▸ **Exercise requirements**
Below are some records. Say how many of their lines include the string "also", giving only the number.
>>>>
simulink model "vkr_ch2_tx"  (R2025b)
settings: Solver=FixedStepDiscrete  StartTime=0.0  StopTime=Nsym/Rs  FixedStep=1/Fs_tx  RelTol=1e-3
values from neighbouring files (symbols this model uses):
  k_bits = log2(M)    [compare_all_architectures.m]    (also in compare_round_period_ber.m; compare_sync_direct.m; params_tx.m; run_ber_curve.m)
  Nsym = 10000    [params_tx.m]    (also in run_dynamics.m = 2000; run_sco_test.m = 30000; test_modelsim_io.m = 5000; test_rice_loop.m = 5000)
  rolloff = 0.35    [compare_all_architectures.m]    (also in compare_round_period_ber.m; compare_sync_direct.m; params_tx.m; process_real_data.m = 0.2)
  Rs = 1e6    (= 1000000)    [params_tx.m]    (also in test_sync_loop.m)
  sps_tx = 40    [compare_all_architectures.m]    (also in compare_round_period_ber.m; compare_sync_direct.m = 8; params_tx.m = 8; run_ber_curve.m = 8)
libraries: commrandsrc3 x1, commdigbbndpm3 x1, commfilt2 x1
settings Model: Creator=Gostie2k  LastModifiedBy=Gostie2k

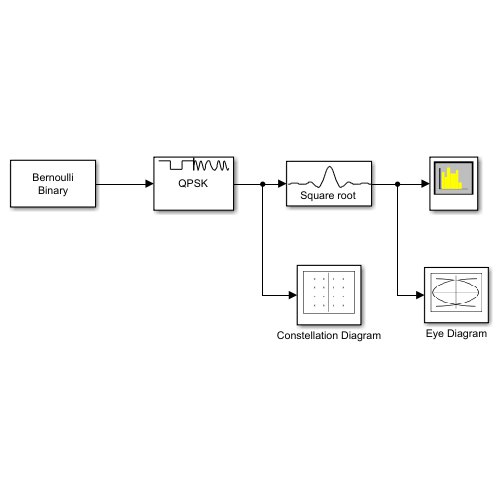
[thumbnail: Simulink's stored preview of the top-level diagram]
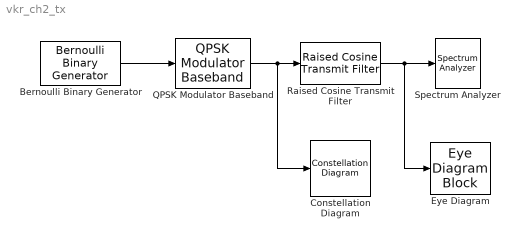
== system vkr_ch2_tx ==
  Bernoulli Binary Generator : commrandsrc3/Bernoulli Binary Generator  ProbabilityOfZero=0.5  SeedSource=Parameter  Seed=12345  SampleTime=1/(Rs*k_bits)  SamplesPerFrame=k_bits*Nsym  OutputDataType=double  SimulateUsing=Interpreted execution
  Constellation Diagram : ConstellationDiagram  WindowPosition=[724.000000,274.000000,600.000000,605.000000,]  ScopeFrameLocation=window  ShowLegend=on  MaximizeAxes=off
  Eye Diagram : EyeDiagramBlock  WindowPosition=[169.000000,14.000000,800.000000,500.000000,]  ScopeFrameLocation=window
  QPSK Modulator Baseband : commdigbbndpm3/QPSK Modulator Baseband  InType=Bit  Enc=Gray  Ph=pi/4  outDtype=double  outWordLen=16  outUDDataType=sfix(16)  outFracLenMode=Best precision  outFracLen=15  outDataTypeStr=double  outLastDataTypeStr=double
  Raised Cosine Transmit Filter : commfilt2/Raised Cosine Transmit Filter  filtType=Square root  R=rolloff  filtSpan=span  N=sps_tx  filterGain=sqrt(sps_tx)  InputProcessing=Columns as channels (frame based)  RateOptions=Enforce single-rate processing  framing=Mute  checkCoeff=off  variableName=rcTxFilt  checkGain=Normalized  sampMode=Mute  saveAsFlag=0  currentFiltSpan=10  D=(10)/2  launchFVT=on  roundingMode=Floor  overflowMode=off  coeffDataTypeStr=Inherit: Same word length as input  coeffMin=[]  coeffMax=[]  coeffLastDataTypeStr=Inherit: Same word length as input  outputDataTypeStr=Inherit: Same as accumulator  outputMin=[]  outputMax=[]  outputLastDataTypeStr=Inherit: Same as accumulator
  Spectrum Analyzer : SpectrumAnalyzer  WindowPosition=[556.000000,483.000000,1018.000000,483.000000,]  ScopeFrameLocation=window  SampleRateSource=Property  SampleRate=Fs_tx  WindowInvariantSamplesPerUpdate=on  Span=8000000  StartFrequency=-4000000  StopFrequency=4000000  YLimits=[-84.9937 20.7573]
  wires:
  Bernoulli Binary Generator/1 -> QPSK Modulator Baseband/1
  QPSK Modulator Baseband/1 -> Constellation Diagram/1, Raised Cosine Transmit Filter/1
  Raised Cosine Transmit Filter/1 -> Eye Diagram/1, Spectrum Analyzer/1
<<<<
▸ **Solution to this exercise**
5